Hari ini kami membaca sebuah berita tentang seorang teman bernama M Zaadit Taqwa yang menipup peluit dan mengacungkan kartu kuning kepada Presiden saat menghadiri acara Dies Natalies ke-68 Universitas Indonesia. Menurut Zaadit tindakan tersebut dianggapnya sebagai pesan untuk Presiden terkait persoalan negeri.
Sebagian persoalan yang dimaksud adalah mengenai gizi buruk suku Asmat, dwifungsi TNI/Polri, hingga peraturan Kementerian Riset dan Teknologi Pendidikan Tinggi tentang organisasi mahasiswa. Ia berharap pesannya dapat didengar oleh Presiden.

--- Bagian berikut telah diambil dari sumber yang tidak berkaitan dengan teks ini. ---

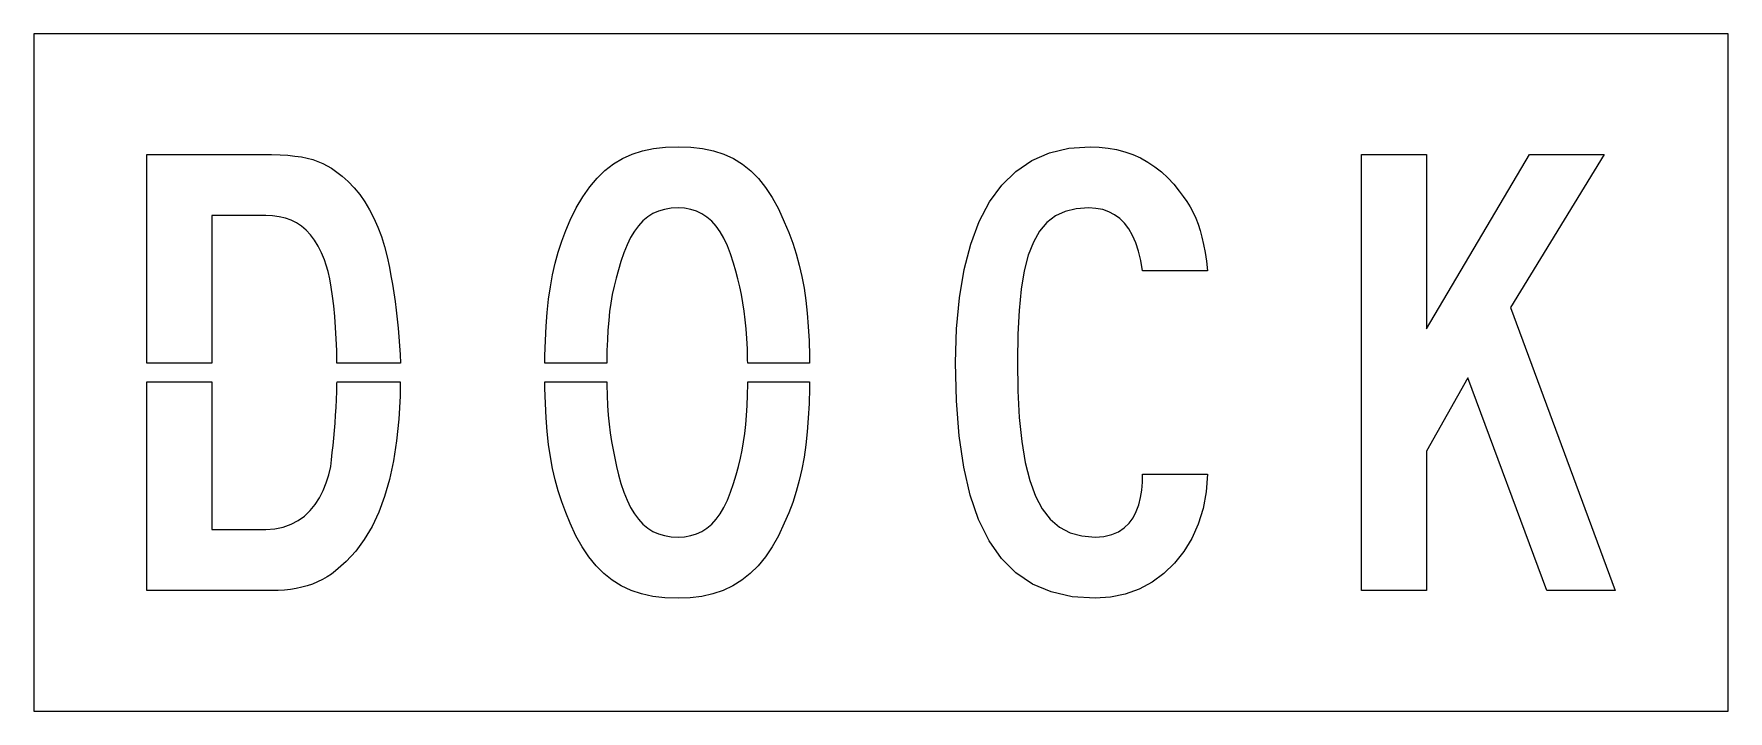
# Model space of a CAD drawing. Extents: x 0 to 45, y 0 to 18.
import ezdxf

# ---------------------------------------------------------------- set-up
doc = ezdxf.new("R2010")
doc.units = 0
doc.layers.add('CUT', color=7, linetype='Continuous')
doc.layers.add('OUTSIDE', color=1, linetype='Continuous')

msp = doc.modelspace()

# ---------------------------------------------------------------- linework, layer by layer
at = {"layer": 'CUT'}
for points in [[(18.9184, 10.1583), (18.8956, 10.4006), (18.8668, 10.6325), (18.832, 10.8539), (18.7924, 11.0696), (18.748, 11.2806), (18.6976, 11.4881), (18.6424, 11.6968), (18.5824, 11.909), (18.5044, 12.1513), (18.4204, 12.3704), (18.328, 12.5664), (18.2284, 12.7403), (18.1204, 12.8922), (18.0028, 13.022), (17.878, 13.131), (17.7436, 13.2191), (17.5996, 13.2875), (17.446, 13.3351), (17.2816, 13.3641), (17.1088, 13.3733), (16.9252, 13.3641), (16.7536, 13.3351), (16.5928, 13.2875), (16.444, 13.2214), (16.3048, 13.1345), (16.1764, 13.0278), (16.0576, 12.9003), (15.9484, 12.753), (15.8476, 12.5838), (15.754, 12.3936), (15.67, 12.1826), (15.592, 11.9496), (15.5236, 11.7281), (15.4624, 11.509), (15.4096, 11.291), (15.3628, 11.0707), (15.3244, 10.847), (15.292, 10.6174), (15.2668, 10.3786), (15.2464, 10.1293), (15.232, 9.8672), (15.2212, 9.589), (15.2152, 9.2945), (15.215, 9.251), (13.5731, 9.251), (13.5748, 9.4464), (13.5868, 9.8499), (13.606, 10.2336), (13.6336, 10.5977), (13.672, 10.9455), (13.7188, 11.2783), (13.7764, 11.5971), (13.846, 11.9043), (13.9264, 12.2012), (14.02, 12.4899), (14.1256, 12.7716), (14.2456, 13.0475), (14.4076, 13.3768), (14.5804, 13.6725), (14.764, 13.9368), (14.9596, 14.1687), (15.1684, 14.3704), (15.3928, 14.5432), (15.6328, 14.6858), (15.8884, 14.8017), (16.1632, 14.8899), (16.4572, 14.9525), (16.7728, 14.9884), (17.1088, 15), (17.4448, 14.9884), (17.7592, 14.9513), (18.052, 14.8887), (18.3268, 14.8006), (18.5812, 14.6835), (18.8188, 14.5374), (19.0396, 14.3623), (19.2448, 14.1571), (19.4356, 13.9194), (19.612, 13.6493), (19.7764, 13.3455), (19.93, 13.007), (20.0488, 12.7229), (20.1544, 12.4377), (20.248, 12.1501), (20.3284, 11.8557), (20.398, 11.5542), (20.4556, 11.2423), (20.5036, 10.9177), (20.5408, 10.578), (20.5684, 10.2209), (20.5888, 9.8441), (20.5996, 9.4441), (20.6012, 9.251), (18.959, 9.251), (18.958, 9.3339), (18.9508, 9.6272), (18.9376, 9.9009)], [(29.3396, 12.2243), (29.2664, 12.447), (29.18, 12.6441), (29.0816, 12.8168), (28.97, 12.9664), (28.844, 13.0916), (28.706, 13.1936), (28.5548, 13.2725), (28.3892, 13.3293), (28.2092, 13.3617), (28.0172, 13.3733), (27.6872, 13.3501), (27.3944, 13.2806), (27.134, 13.1612), (26.9084, 12.9872), (26.7128, 12.7577), (26.5484, 12.4678), (26.4128, 12.1154), (26.3048, 11.698), (26.2232, 11.211), (26.1656, 10.6522), (26.1332, 10.018), (26.1224, 9.3049), (26.1344, 8.5119), (26.1728, 7.8), (26.2376, 7.167), (26.33, 6.6093), (26.45, 6.127), (26.6012, 5.7154), (26.7824, 5.3733), (26.9948, 5.0986), (27.2408, 4.8887), (27.5204, 4.7414), (27.8348, 4.6557), (28.1852, 4.6267), (28.4228, 4.6429), (28.6292, 4.6904), (28.8092, 4.767), (28.9616, 4.869), (29.09, 4.9942), (29.1956, 5.1403), (29.2808, 5.3038), (29.3456, 5.4823), (29.3936, 5.6736), (29.4248, 5.8742), (29.4428, 6.0829), (29.4488, 6.2951), (31.1744, 6.2951), (31.1396, 5.8278), (31.0556, 5.3872), (30.9272, 4.9733), (30.7556, 4.5907), (30.5444, 4.2417), (30.296, 3.9299), (30.0128, 3.6586), (29.6996, 3.429), (29.3564, 3.2458), (28.988, 3.1113), (28.5968, 3.0278), (28.1852, 3), (27.5732, 3.0417), (27.0188, 3.167), (26.5232, 3.378), (26.0828, 3.6748), (25.6988, 4.0586), (25.37, 4.5304), (25.0928, 5.0904), (24.8696, 5.742), (24.698, 6.4829), (24.5756, 7.3177), (24.5036, 8.2441), (24.4796, 9.2643), (24.5048, 10.1641), (24.5816, 10.9884), (24.7076, 11.7397), (24.884, 12.4145), (25.1096, 13.0139), (25.3856, 13.5357), (25.7096, 13.9797), (26.0828, 14.3449), (26.5052, 14.6301), (26.9756, 14.8354), (27.4928, 14.9594), (28.0592, 15), (28.298, 14.9919), (28.532, 14.9664), (28.7588, 14.9246), (28.9784, 14.8667), (29.192, 14.7913), (29.396, 14.7009), (29.5916, 14.593), (29.7776, 14.4701), (29.954, 14.331), (30.1196, 14.1768), (30.2744, 14.0064), (30.4172, 13.8209), (30.5264, 13.6794), (30.6248, 13.5403), (30.7124, 13.3988), (30.7916, 13.2539), (30.86, 13.1043), (30.9224, 12.9467), (30.9764, 12.7774), (31.0244, 12.5977), (31.0676, 12.4017), (31.1072, 12.1896), (31.142, 11.9577), (31.1744, 11.7049), (29.4488, 11.7049), (29.3996, 11.9774)], [(8.0112, 10.2), (7.9896, 10.4922), (7.9632, 10.7693), (7.932, 11.0301), (7.896, 11.2713), (7.8564, 11.4904), (7.8132, 11.6852), (7.7664, 11.8522), (7.716, 11.9901), (7.6368, 12.1838), (7.5504, 12.36), (7.4544, 12.5177), (7.3488, 12.658), (7.2348, 12.7797), (7.11, 12.8852), (6.9768, 12.9733), (6.8328, 13.0452), (6.6792, 13.0997), (6.516, 13.1391), (6.342, 13.1623), (6.1572, 13.1693), (4.7256, 13.1693), (4.7256, 9.251), (3, 9.251), (3, 14.7971), (6.0732, 14.7971), (6.3156, 14.7948), (6.5388, 14.7867), (6.7428, 14.7728), (6.9312, 14.753), (7.104, 14.7275), (7.2624, 14.6951), (7.41, 14.6568), (7.5456, 14.6104), (7.6716, 14.5571), (7.7904, 14.4957), (7.9032, 14.4272), (8.01, 14.3496), (8.1852, 14.2197), (8.3496, 14.0725), (8.5068, 13.909), (8.6532, 13.7304), (8.7888, 13.5368), (8.916, 13.327), (9.0312, 13.1043), (9.1356, 12.8667), (9.2304, 12.6162), (9.312, 12.3519), (9.3828, 12.0759), (9.4416, 11.7872), (9.4824, 11.5704), (9.522, 11.3478), (9.5592, 11.1194), (9.5928, 10.8887), (9.624, 10.6545), (9.6528, 10.4191), (9.6768, 10.1826), (9.6972, 9.9449), (9.714, 9.7096), (9.726, 9.4765), (9.7343, 9.251), (8.0497, 9.251), (8.0496, 9.2632), (8.0424, 9.5832), (8.0292, 9.8962)], [(36.9888, 3.2029), (35.2632, 3.2029), (35.2632, 14.7971), (36.9888, 14.7971), (36.9888, 10.1594), (39.726, 14.7971), (41.7048, 14.7971), (39.2208, 10.7287), (42, 3.2029), (40.1892, 3.2029), (38.0844, 8.8574), (36.9888, 6.9049)], [(9.1608, 5.2864), (8.982, 4.9038), (8.7768, 4.5583), (8.5476, 4.2475), (8.292, 3.9728), (8.01, 3.7316), (7.902, 3.6446), (7.7856, 3.5658), (7.6644, 3.4951), (7.536, 3.4325), (7.4028, 3.3768), (7.2624, 3.3304), (7.1184, 3.291), (6.9684, 3.2586), (6.8136, 3.2342), (6.6552, 3.2168), (6.492, 3.2064), (6.3264, 3.2029), (3, 3.2029), (3, 8.749), (4.7256, 8.749), (4.7256, 4.8307), (6.1572, 4.8307), (6.4008, 4.8458), (6.6252, 4.891), (6.8304, 4.9652), (7.0164, 5.0638), (7.1856, 5.1855), (7.3368, 5.3281), (7.47, 5.4904), (7.5864, 5.6678), (7.6848, 5.8603), (7.7676, 6.0643), (7.8336, 6.2777), (7.884, 6.498), (7.9044, 6.6823), (7.926, 6.8713), (7.9452, 7.0626), (7.9644, 7.2574), (7.9836, 7.4557), (7.9992, 7.6574), (8.0148, 7.8626), (8.0268, 8.0713), (8.0376, 8.2835), (8.046, 8.498), (8.0508, 8.7171), (8.051, 8.749), (9.7318, 8.749), (9.7248, 8.3693), (9.69, 7.7583), (9.6324, 7.1867), (9.5508, 6.6545), (9.4452, 6.1606), (9.3156, 5.7049)], [(20.4556, 6.7472), (20.398, 6.4307), (20.3284, 6.127), (20.248, 5.8336), (20.1544, 5.5484), (20.0488, 5.269), (19.93, 4.993), (19.7764, 4.6626), (19.6096, 4.3646), (19.4296, 4.098), (19.2352, 3.8614), (19.0264, 3.6551), (18.8032, 3.4777), (18.5632, 3.3293), (18.3076, 3.2087), (18.0352, 3.1159), (17.7448, 3.051), (17.4352, 3.0128), (17.1088, 3), (16.762, 3.0128), (16.4404, 3.051), (16.1404, 3.1159), (15.8608, 3.2087), (15.6016, 3.3293), (15.3616, 3.4777), (15.1384, 3.6551), (14.9308, 3.8614), (14.74, 4.098), (14.5624, 4.3646), (14.398, 4.6626), (14.2456, 4.993), (14.1256, 5.2771), (14.02, 5.5623), (13.9264, 5.851), (13.846, 6.1455), (13.7764, 6.4481), (13.7188, 6.7623), (13.672, 7.0904), (13.6336, 7.4336), (13.606, 7.7965), (13.5868, 8.1791), (13.5748, 8.5872), (13.5735, 8.749), (15.2158, 8.749), (15.2164, 8.6754), (15.2236, 8.3901), (15.2368, 8.1212), (15.256, 7.8672), (15.28, 7.6261), (15.3088, 7.393), (15.3424, 7.167), (15.382, 6.9455), (15.4264, 6.7252), (15.4768, 6.5049), (15.532, 6.2812), (15.592, 6.0504), (15.67, 5.8174), (15.754, 5.6064), (15.8476, 5.4162), (15.9484, 5.247), (16.0576, 5.0997), (16.1764, 4.9722), (16.3048, 4.8655), (16.444, 4.7786), (16.5928, 4.7125), (16.7536, 4.6649), (16.9252, 4.6359), (17.1088, 4.6267), (17.2816, 4.6359), (17.446, 4.6649), (17.5996, 4.7125), (17.7436, 4.7786), (17.878, 4.8655), (18.0028, 4.9722), (18.1204, 5.0997), (18.2284, 5.247), (18.328, 5.4162), (18.4204, 5.6064), (18.5044, 5.8174), (18.5824, 6.0504), (18.652, 6.28), (18.712, 6.5026), (18.766, 6.7206), (18.8116, 6.9386), (18.85, 7.1577), (18.8824, 7.3826), (18.9076, 7.6168), (18.928, 7.8614), (18.9436, 8.1212), (18.9532, 8.3994), (18.9592, 8.6974), (18.9596, 8.749), (20.6009, 8.749), (20.5996, 8.5861), (20.5888, 8.1768), (20.5684, 7.7907), (20.5408, 7.4243), (20.5036, 7.0777)]]:
    msp.add_lwpolyline(points, close=True, dxfattribs=at)
at = {"layer": 'OUTSIDE'}
msp.add_lwpolyline([(0, 0), (45, 0), (45, 18), (0, 18)], close=True, dxfattribs=at)

doc.saveas('drawing.dxf')

Lalu yang menggelitik adalah komentar netizen di salah satu media online yang menyebut Zaadit 'ingin viral', ada pula yang berkomentar 'cari sensasi', 'sok idealis'.
Oke, jadi ini seharusnya bagaimana? Saat secara baik-baik bertemu Presiden, dibilang mahasiswa 'dipangku dan dimanjakan', 'udah diajak makan enak makanya bungkam', saat sedikit 'nyeleneh' menyuarakan pesan malah dibilang 'cari sensasi' dan 'sok idealis'.
'Sok idealis'? Kami rasa itu bukan kata yang tepat. Bukankah harusnya masyarakat bangga memiliki generasi yang memiliki idealisme tinggi?
Kami rasa perlu, sudut pandang masyarakat kita diperluas agar tidak cepat menghakimi, agar tidak cepat terprovokasi. Kita ini hidup di negara yang memang terbagi menjadi pro dan kontra pemerintah, yang pro bukan berarti selalu membela pemerintah apa pun yang terjadi, jika salah pantas juga dikritik. Yang kontra juga bukan berarti selalu mengkritik membabi buta, kinerja yang bagus patut juga diapresiasi.